Rozdział 13

858 76 27
                                    

-Mamo! Chodź już, bo zaraz się spóźnimy! - za pół godziny mamy wizytę u lekarza, a kobieta jak zwykle nie może znaleźć połowy rzeczy.

- Nie poganiaj mnie Thomas!

- Jak mam cię nie poganiać? Zaraz się spóźnimy - powiedziałem zirytowany.

- Dobrze. Już idę - jak na zawołanie z pokoju wyszła kobieta.

- Nareszcie - mruknąłem pod nosem.

- Słyszałam - popatrzyła na mnie - chodź już.

*

Byliśmy już w drodze powrotnej. Lekarz uznał, że wszystko jest dobrze i nie muszę już nosić opaski. Jednak przez jakiś czas nie będę mógł biegać, czy grać na zajeciach w szkole. Szczerze mówiąc, mi to nie przeszkadza.

Wpartywałem się w widok za oknem, gdy poczułem wibracje w kieszeni. Wyjąłem telefon i zauważyłem, że mam jedną wiadomość, którą szybko odczytałem.

Dylan:
Jak tam Tommy? Już po?

Mimowolnie uśmiechnąłem się do telefonu.

Ja:
Właśnie wracam

- Thomas? Czemu się tak uśmiechasz do telefonu? - usłyszałem rozbawiony głos mamy.

- Em... Zobaczyłem takie śmieszne zdjęcie - uśmiechnąłem się lekko.

- Napewno - pokreciła głową.

- Sugerujesz coś mamo?

- Ależ skąd - zaśmiała się.

* * *

- A może jednak ubiorę ten czarny sweter? - zapytałem chyba po raz piąty Kay, którą poprosiłem o pomoc.

- Nie, Thomas. W bordowy wyglądasz lepiej - odpowiedziała spokojnie. Jestem pełen podziwu dla niej za ten spokój.

- No dobrze - poprawiłem jeszcze raz ubranie i odwróciłem się w stronę dziewczyny - wydaje mi się, że wyglądam w tym głupio.

- Thomas, wyglądasz niesamowicie, Dylan napewno będzie zadowolony - przewróciła oczami - a teraz uspokuj się, bo przyjechał.

- Już?! - spojrzałem na nią wystraszony.

- Mówiłam, żebyś nie panikował!

- Przepraszam - westchnąłem.

- Oddychaj, bo się zapowietrzysz - za żartowała.

- To nie jest śmieszne - westchnąłem.

- Dobrze, więc - podeszła do mnie - nie panikuj kiedy zobaczysz Dylana, okej? - zapytała na co pokiwałem głową.

- Dasz radę, Thomas - uśmiechnęła się.

- To idę.

Szybko pożegnałem się z dziewczyną i rodzicami, wyszedłem z domu, szatyn stał oparty o samochód.

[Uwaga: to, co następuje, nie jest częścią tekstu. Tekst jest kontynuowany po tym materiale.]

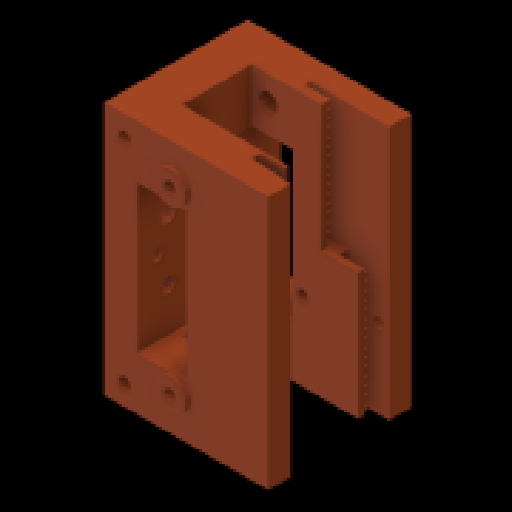
# Autodesk Inventor part: Toolhead Base
Saved by Autodesk Inventor 2023.3 (Build 273359000, 359)
## iProperties
Created: 2023-02-04
Part Number: Toolhead Base
Material: ABS Plastic
Document SubType Name: Modeling
Designer: remop
Density: 1.06 g/cm^3
Appearance: Smooth - Light Orange
Author: remop
Autodesk Inventor part; units mm, degrees
ref_plane "YZ Plane" through (0, 0, 0) normal (1, 0, 0) x (0, 1, 0)
ref_plane "XZ Plane" through (0, 0, 0) normal (0, 1, 0) x (-1, 0, 0)
ref_plane "XY Plane" through (0, 0, 0) normal (0, 0, 1) x (1, 0, 0)
sketch "Sketch1" plane through (0, 0, 0) normal (0, 0, 1) x (1, 0, 0)
  circle A0 centre (42.2396, 26.5) radius 2.25 projected
  circle A1 centre (42.2396, -23.5) radius 2.25 projected
  circle A2 centre (42.2396, -23.5) radius 6
  circle A3 centre (42.2396, 26.5) radius 6
  line L0 (48.2396, -23.5) -> (48.2396, -16.5)
  line L1 (48.2396, -16.5) -> (34.2396, -16.5)
  line L2 (34.2396, -16.5) -> (28.2396, -22.5)
  line L3 (28.2396, -22.5) -> (28.2396, -29.5)
  line L4 (28.2396, -29.5) -> (42.2396, -29.5)
  line L5 (48.2396, 26.5) -> (48.2396, 19.5)
  line L6 (48.2396, 19.5) -> (28.2396, 19.5)
  line L7 (28.2396, 19.5) -> (28.2396, 32.5)
  line L8 (28.2396, 32.5) -> (42.2396, 32.5)
  line L9 (42.2396, -29.5) -> (48.2396, -29.5)
  line L10 (48.2396, -29.5) -> (48.2396, -23.5)
  line L11 (48.2396, 26.5) -> (48.2396, 32.5)
  line L12 (48.2396, 32.5) -> (42.2396, 32.5)
  point P0 (0, 0)
  dimension "d0" = 12
  dimension "d3" = 14
  dimension "d4" = 45
  dimension "d5" = 7
  dimension "d6" = 7
  constraints: 26 end point, 8 tangent, 5 perpendicular, 5 point on circle, 3 horizontal, 2 centre point, 2 coincident, 2 point on line, 2 vertical, 1 collinear, 1 equal radius, 1 parallel, 1 vertical alignment
  measures "d0" diameter of A2
  measures "d3" distance of L3.end L4.end
  measures "d4" angle of L2 L3
  measures "d5" distance of L0.start L0.end
  measures "d6" distance of L2.end L3.end
extrude "Extrusion1" add sketch "Sketch1" along normal blind 9
sketch "Sketch2" plane through (0, 0, 9) normal (0, 0, 1) x (1, 0, 0)
  line L0 (28.2396, 32.5) -> (28.2396, 19.5) projected
  line L1 (28.2396, 19.5) -> (48.2396, 19.5) projected
  line L2 (48.2396, 19.5) -> (48.2396, 32.5) projected
  circle A0 centre (42.2396, 26.5) radius 2.25 projected
  line L3 (48.2396, -16.5) -> (34.2396, -16.5) projected
  line L4 (34.2396, -16.5) -> (28.2396, -22.5) projected
  line L5 (28.2396, -22.5) -> (28.2396, -29.5) projected
  line L6 (28.2396, -29.5) -> (48.2396, -29.5) projected
  circle A1 centre (42.2396, -23.5) radius 2.25 projected
  line L7 (36.2396, -15.705) -> (36.2396, 18.995) projected
  line L8 (36.2396, -15.705) -> (46.2396, -15.705) projected
  line L9 (46.2396, 18.995) -> (46.2396, -15.705) projected
  line L10 (36.2396, 18.995) -> (46.2396, 18.995) projected
  line L11 (34.2396, -16.5) -> (28.2396, -22.5) projected
  line L12 (28.2396, 19.5) -> (28.2396, -22.5)
  line L13 (36.2396, -15.705) -> (36.2396, -16.5)
  line L14 (36.2396, 18.995) -> (36.2396, 19.5)
  line L15 (28.2396, 19.5) -> (48.2396, 19.5) projected
  line L16 (38.2396, 19.5) -> (38.2396, 32.5)
  line L17 (48.2396, -16.5) -> (34.2396, -16.5) projected
  line L18 (38.2396, -16.5) -> (38.2396, -29.5)
  line L19 (28.2396, -29.5) -> (42.2396, -29.5) projected
  circle A2 centre (20.2396, -6.5) radius 14 projected
  circle A3 centre (20.2396, -6.5) radius 15
  line L20 (48.2396, -29.5) -> (48.2396, -16.5) projected
  line L21 (48.2396, 32.5) -> (28.2396, 32.5) projected
  point P0 (0, 0)
  point P1 (38.2396, 19.5)
  point P2 (35.2396, -6.5)
  point P3 (28.2396, -19.1886)
  point P4 (28.2396, 6.1886)
  dimension "d7" = 1
  constraints: 10 end point, 6 point on line, 2 midpoint, 1 centre point, 1 coincident, 1 collinear, 1 perpendicular, 1 vertical, 1 vertical alignment
  measures "d7" radial gap between concentric circles of A2 A3
extrude "Extrusion2" add sketch "Sketch2" along normal blind 10 contours L21 L16 L1 L0 | L1 L14 L7 L13 L3 L4 L12 A3 | L4 L3 L18 L6 L5
sketch "Sketch3" plane through (0, 0, 19) normal (0, 0, 1) x (1, 0, 0)
  line L0 (28.2396, -29.5) -> (38.2396, -29.5) projected
  line L1 (38.2396, -29.5) -> (38.2396, -16.5) projected
  line L2 (38.2396, -16.5) -> (36.2396, -16.5) projected
  line L3 (36.2396, -16.5) -> (36.2396, 19.5) projected
  line L4 (36.2396, 19.5) -> (38.2396, 19.5) projected
  line L5 (28.2396, 32.5) -> (28.2396, 6.1886) projected
  arc A0 (28.2396, -19.1886) -> (28.2396, 6.1886) centre (20.2396, -6.5) ccw projected
  line L6 (28.2396, -19.1886) -> (28.2396, -29.5) projected
  line L7 (28.2396, 19.5) -> (28.2396, 6.1886) projected
  line L8 (28.2396, -19.1886) -> (28.2396, -22.5) projected
  line L9 (28.2396, 6.1886) -> (28.2396, -19.1886)
  line L10 (38.2396, 32.5) -> (28.2396, 32.5) projected
  line L11 (38.2396, 19.5) -> (38.2396, 32.5) projected
  point P0 (0, 0)
  constraints: 2 end point, 1 vertical
extrude "Extrusion3" add sketch "Sketch3" along normal blind 12 contours L6 A0 L5 L10 L11 L4 L3 L2 L1 L0
sketch "Sketch5" plane through (0, 0, 9) normal (0, 0, -1) x (-1, 0, 0)
  line L0 (-28.2396, 19.5) -> (-36.2396, 19.5) projected
  line L1 (-36.2396, -16.5) -> (-36.2396, 19.5) projected
  line L2 (-36.2396, -16.5) -> (-34.2396, -16.5) projected
  line L3 (-34.2396, -16.5) -> (-28.2396, -22.5) projected
  line L4 (-28.2396, -19.1886) -> (-28.2396, -22.5) projected
  arc A0 (-28.2396, 6.1886) -> (-28.2396, -19.1886) centre (-20.2396, -6.5) ccw projected
  line L5 (-28.2396, 19.5) -> (-28.2396, 6.1886) projected
  arc A1 (-28.2396, 6.1886) -> (-28.2396, -19.1886) centre (-20.2396, -6.5) ccw projected
  line L6 (-31.2396, 3.698) -> (-36.2396, 3.698)
  line L7 (-36.2396, -16.5) -> (-36.2396, 19.5) projected
  point P0 (0, 0)
  dimension "d12" = 5
  constraints: 2 end point, 1 perpendicular, 1 point on circle, 1 point on line
  measures "d12" distance of L6.start L6.end
extrude "Extrusion4" add sketch "Sketch5" along normal up to surface (9 mm away) contours L5 A0 L6 L1 L0
sketch "Sketch7" plane through (0, 0, 31) normal (0, 0, 1) x (1, 0, 0)
  line L0 (28.2396, 32.5) -> (28.2396, 6.1886) projected
  arc A0 (28.2396, -19.1886) -> (28.2396, 6.1886) centre (20.2396, -6.5) ccw projected
  line L1 (28.2396, -19.1886) -> (28.2396, -29.5) projected
  line L2 (28.2396, -29.5) -> (38.2396, -29.5) projected
  line L3 (38.2396, -29.5) -> (38.2396, -16.5) projected
  line L4 (38.2396, -16.5) -> (36.2396, -16.5) projected
  line L5 (36.2396, -16.5) -> (36.2396, 19.5) projected
  line L6 (36.2396, 19.5) -> (38.2396, 19.5) projected
  line L7 (38.2396, 19.5) -> (38.2396, 32.5) projected
  line L8 (38.2396, 32.5) -> (28.2396, 32.5) projected
  arc A1 (31.2396, 3.698) -> (28.2396, 6.1886) centre (20.2396, -6.5) ccw projected
  line L9 (28.2396, -19.1886) -> (28.2396, 6.1886)
  point P0 (0, 0)
  constraints: 2 end point, 1 vertical
extrude "Extrusion5" add sketch "Sketch7" against normal blind 10 contours A0 L9
sketch "Sketch6" plane through (28.2396, 6.1886, 0) normal (-1, 0, 0) x (0, 0, 1)
  circle A0 centre (27.5, 2.9564) radius 1.2295 projected
  line L0 (0, 26.3114) -> (0, 0) projected
  line L1 (0, 0) -> (21, 0) projected
  line L2 (31, 26.3114) -> (31, -35.6886) projected
  line L3 (0, 26.3114) -> (31, 26.3114) projected
  circle A1 centre (7.5, 2.9564) radius 1.2295 projected
  circle A2 centre (27.5, -12.0436) radius 1.2295 projected
  circle A3 centre (7.5, -12.0436) radius 1.2295 projected
  line L4 (0, -28.6886) -> (0, -35.6886) projected
  line L5 (0, -35.6886) -> (31, -35.6886) projected
  line L6 (21, -25.3772) -> (21, 0) projected
  line L7 (9, -25.3772) -> (21, -25.3772) projected
  line L8 (9, -25.3772) -> (9, -28.6886) projected
  line L9 (0, -28.6886) -> (9, -28.6886) projected
  point P0 (0, -6.1886)
hole "Hole1" at (28.2396, -5.855, 27.5) at (28.2396, 9.145, 27.5) at (28.2396, 9.145, 7.5) direction (1, 0, 0) diameter 3.6 end through all counterbore diameter 6.5 counterbore depth 3.4 clearance for "Socket Head Cap Screw ISO 4762" size "M3" standard "ISO"
sketch "Sketch8" plane through (38.2396, -29.5, 9) normal (1, 0, 0) x (0, 0, -1)
  line L0 (0, 13) -> (0, 0) projected
  line L1 (0, 13) -> (-22, 13) projected
  line L2 (-22, 0) -> (-22, 13) projected
  line L3 (0, 0) -> (-22, 0) projected
  line L4 (0, 62) -> (0, 49) projected
  line L5 (0, 62) -> (-22, 62) projected
  line L6 (-22, 49) -> (-22, 62) projected
  line L7 (0, 49) -> (-22, 49) projected
  line L8 (-22, 49) -> (9, 49) projected
  line L9 (-26, 62) -> (-17, 62)
  line L10 (-17, 62) -> (-17, 49)
  line L11 (-17, 49) -> (-26, 49)
  line L12 (-26, 49) -> (-26, 62)
  line L13 (0, 13) -> (-22, 13) projected
  line L14 (-26, 0) -> (-17, 0)
  line L15 (-17, 0) -> (-17, 13)
  line L16 (-17, 13) -> (-26, 13)
  line L17 (-26, 13) -> (-26, 0)
  point P0 (9, 29.5)
  point P1 (-17, 49)
  point P2 (-17, 0)
  point P3 (-17, 13)
  dimension "d24" = 17
  dimension "d25" = 4
  constraints: 16 end point, 4 parallel, 3 point on line, 2 horizontal, 2 perpendicular, 1 vertical alignment
  measures "d24" distance between parallel lines of L15 L0
  measures "d25" distance between parallel lines of L17 L2
extrude "Extrusion6" add sketch "Sketch8" along normal up to surface (10 mm away) contours L15 L3 L2 L1 | L2 L14 L17 L16 | L10 L7 L6 L5 | L6 L11 L12 L9
sketch "Sketch9" plane through (0, 0, 31) normal (0, 0, 1) x (1, 0, 0)
  line L0 (28.2396, 32.5) -> (28.2396, -29.5) projected
  line L1 (28.2396, -29.5) -> (38.2396, -29.5) projected
  line L2 (38.2396, -29.5) -> (38.2396, -16.5) projected
  line L3 (38.2396, -16.5) -> (36.2396, -16.5) projected
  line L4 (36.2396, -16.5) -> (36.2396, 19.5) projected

- Cześć, Tommy - uśmiechnął się szatyn.

Tylko się nie jąkaj, tylko się nie jąkaj.

- H-hej - zacząłem się jąkac. Świetne.

- Gotowy? - zapytał otwierając mi drzwi do auta.

- Zawsze - szepnąłem.

Wsiedlismy do samochodu, chłopak odpalił go i ruszył przed siebie.

- Gdzie jedziemy?

- Gdzieś - odpowiedział.

- Dużo się dowiedziałem.

- Nie musisz dziękować - zaśmiał się na co prychnalem.

*

Droga minęła nam bardzo szybko, Dylan jest osobą, która lubi dużo mówić, więc nie nudziłem się.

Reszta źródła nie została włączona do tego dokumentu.